Je pense qu’il y a très peu de lecteurs de PPM dans les gens qui ont 10 ans de pratique.

A lire le récit que tu en fais de cet article, j’ai l’impression que les idées du père sont désormais celles du fils.
Je confirme que le CEM a toujours été parmi les écoles les moins téméraires, bien souvent les premiers à renoncer et les derniers à jouer aux fusibles.
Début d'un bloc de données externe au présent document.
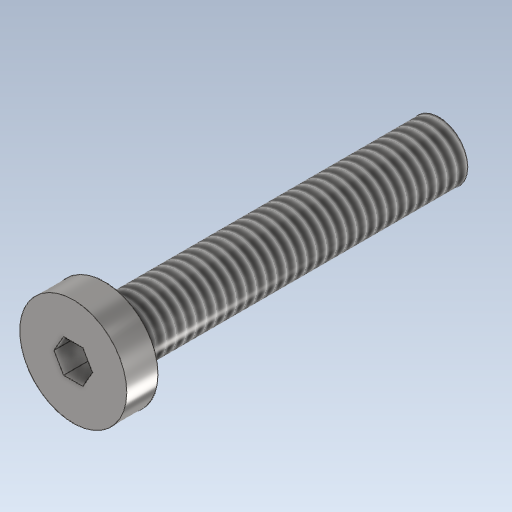
# Autodesk Inventor part: M2_6-15
Saved by Autodesk Inventor 2020.4 (Build 244396000, 396)
## iProperties
Created: 2021-09-11
Part Number: M2_6-15
Material: チタン
Document SubType Name: Modeling
Designer: Masato Kubotera
Density: 6.42573 g/cm^3
Appearance: 半つや出し
Mass: 0.657 g
Surface Area: 1.87099 cm^2
Volume: 0.102245 cm^3
Description: ネジ
Author: Masato Kubotera
Autodesk Inventor part; units mm, degrees
ref_plane "YZ Plane" through (0, 0, 0) normal (1, 0, 0) x (0, 1, 0)
ref_plane "XZ Plane" through (0, 0, 0) normal (0, 1, 0) x (-1, 0, 0)
ref_plane "XY Plane" through (0, 0, 0) normal (0, 0, 1) x (1, 0, 0)
sketch "スケッチ1" plane through (0, 0, 0) normal (1, 0, 0) x (0, 1, 0)
  line L0 (0, 16.4) -> (0, 0)
  line L1 (0, 0) -> (2.4, 0)
  line L2 (2.4, 0) -> (2.4, 1.4)
  line L3 (2.4, 1.4) -> (1.3, 1.4)
  line L4 (1.3, 1.4) -> (1.3, 16.4)
  line L5 (1.3, 16.4) -> (0, 16.4)
  dimension "d1" = 1.3
  dimension "d2" = 1.4
  dimension "d3" = 2.4
  dimension "d10" = 15
  constraints: 12 end point, 5 perpendicular, 1 vertical
  measures "d1" distance of L0.start L4.end
  measures "d2" distance of L1.end L2.end
  measures "d3" distance of L1.end L0.end
  measures "d10" distance of L3.end L4.end
revolve "回転1" add sketch "スケッチ1" angle 360 about axis through (0, 0, 16.4) along (0, 0, -1)
thread "ねじ1" size "M2.6x0.45" class "6g" standard "ANSI Metric M Profile" full length
sketch "スケッチ2" plane through (0, 0, 0) normal (0, 0, -1) x (-1, 0, 0)
  line L0 (0, 0.866) -> (0.75, 0.433)
  line L1 (0.75, 0.433) -> (0.75, -0.433)
  line L2 (0.75, -0.433) -> (0, -0.866)
  line L3 (0, -0.866) -> (-0.75, -0.433)
  line L4 (-0.75, -0.433) -> (-0.75, 0.433)
  line L5 (-0.75, 0.433) -> (0, 0.866)
  line L6 (0, 2.4) -> (0, -2.4) construction
  circle A0 centre (0, 0) radius 2.4 projected
  point P0 (0, 0)
  point P1 (0, 0)
  dimension "d7" = 1.5
  constraints: 14 end point, 2 point on circle, 1 coincident, 1 midpoint, 1 point on line, 1 vertical, 13 other
  measures "d7" distance between parallel lines of L1 L4
extrude "押し出し1" cut sketch "スケッチ2" against normal blind 1.4 contours L0 L1 L2 L3 L4 L5

Si c’est un article sur la sécurité, peut-être que Cyrille accepterait qu’il soit largement publier, et surtout débattu, c’est comme cela qu’on progresse.

Je n’ai pas lu l’article.
Je fais parti de ceux qui croient qu’il n’est pas nécessaire de faire un SIV pour pratiquer ce loisir en “sécurité”.
Par contre je suis en total désaccord avec cette phrase “Le SIV est un super outil de progression personnel quand il est fait aux bonnes étapes”

Je pense que l’on peut faire un SIV dès que l’on est autonome, cela ne peut être qu’instructif.
Les pilotes qui se prennent pour des champions après être sorti d’une auto-rotation provoquée ou après un décrochage étaient déjà dans la catégorie des pilotes téméraires avant le stage à mon sens.

Est ce que le fait de faire un SIV à un impact sur l’accidentologie? Je doute qu’il est un impacte négatif mais j’aimerais connaître la réponse statistique.

Sûr, ça fait au moins 15 ans, si pas plus, que ppm (Parapente Mensuel) n’existe plus.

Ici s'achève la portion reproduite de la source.